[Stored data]
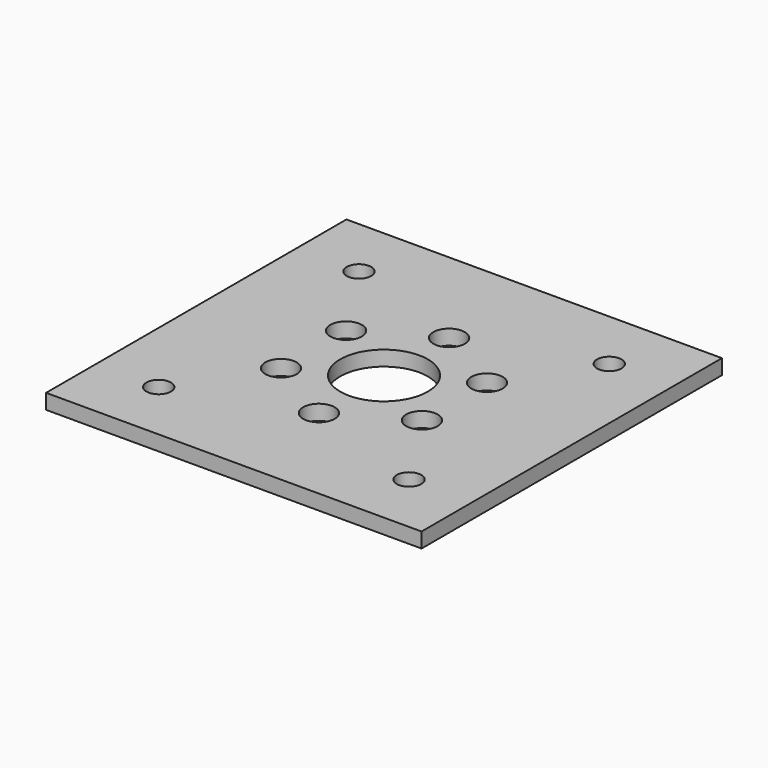
from build123d import *

# Parameters (mm, degrees)
F0_R            = 41.5
F1_DEPTH        = 6
F2_W            = 150
F2_H            = 150
F3_DEPTH        = 6
F5_R            = 17.5
F6_DEPTH        = 6.001
F7_D            = 12.6
F7_COPIES_COUNT = 6
F9_D            = 9.8044


# Not quite as in the source:
# - a pattern or mirror of a feature is missing from the dataset's text; its kind, count and spacing are read off the source's solid


with BuildPart() as f1:
    # F0 (on Top) → F1 (new body)
    with BuildSketch(Plane.XY):
        Circle(F0_R)
    extrude(amount=F1_DEPTH)

    # F2 (on Top) → F3 (join)
    with BuildSketch(Plane.XY):
        Rectangle(F2_W, F2_H)
    extrude(amount=F3_DEPTH)

    # F5 (on face) → F6 (cut, through all)
    with BuildSketch(Plane.XY.offset(6)):
        Circle(F5_R)
    extrude(amount=-F6_DEPTH, mode=Mode.SUBTRACT)

    # F7 (through all)
    with Locations(Plane.XY.offset(6)):
        with Locations((0, 32.5)):
            f7 = Hole(F7_D / 2)

    # F7_copies: F7 ×6 about axis
    f7_copies_axis = Axis((0, 0, 0), (0, 0, 1))
    for i in range(1, F7_COPIES_COUNT):
        add(f7.rotate(f7_copies_axis, i * 360 / F7_COPIES_COUNT), mode=Mode.SUBTRACT)

    # F9 (through all)
    with Locations(Plane.XY.offset(6)):
        with Locations((-50, 50), (50, 50), (50, -50), (-50, -50)):
            Hole(F9_D / 2)


solid = f1.part

• What this task involves
Transcribe every record above exactly as written, leaving out any pictures.

• Response to this exercise
from build123d import *

# Parameters (mm, degrees)
F0_R            = 41.5
F1_DEPTH        = 6
F2_W            = 150
F2_H            = 150
F3_DEPTH        = 6
F5_R            = 17.5
F6_DEPTH        = 6.001
F7_D            = 12.6
F7_COPIES_COUNT = 6
F9_D            = 9.8044


# Not quite as in the source:
# - a pattern or mirror of a feature is missing from the dataset's text; its kind, count and spacing are read off the source's solid


with BuildPart() as f1:
    # F0 (on Top) → F1 (new body)
    with BuildSketch(Plane.XY):
        Circle(F0_R)
    extrude(amount=F1_DEPTH)

    # F2 (on Top) → F3 (join)
    with BuildSketch(Plane.XY):
        Rectangle(F2_W, F2_H)
    extrude(amount=F3_DEPTH)

    # F5 (on face) → F6 (cut, through all)
    with BuildSketch(Plane.XY.offset(6)):
        Circle(F5_R)
    extrude(amount=-F6_DEPTH, mode=Mode.SUBTRACT)

    # F7 (through all)
    with Locations(Plane.XY.offset(6)):
        with Locations((0, 32.5)):
            f7 = Hole(F7_D / 2)

    # F7_copies: F7 ×6 about axis
    f7_copies_axis = Axis((0, 0, 0), (0, 0, 1))
    for i in range(1, F7_COPIES_COUNT):
        add(f7.rotate(f7_copies_axis, i * 360 / F7_COPIES_COUNT), mode=Mode.SUBTRACT)

    # F9 (through all)
    with Locations(Plane.XY.offset(6)):
        with Locations((-50, 50), (50, 50), (50, -50), (-50, -50)):
            Hole(F9_D / 2)


solid = f1.part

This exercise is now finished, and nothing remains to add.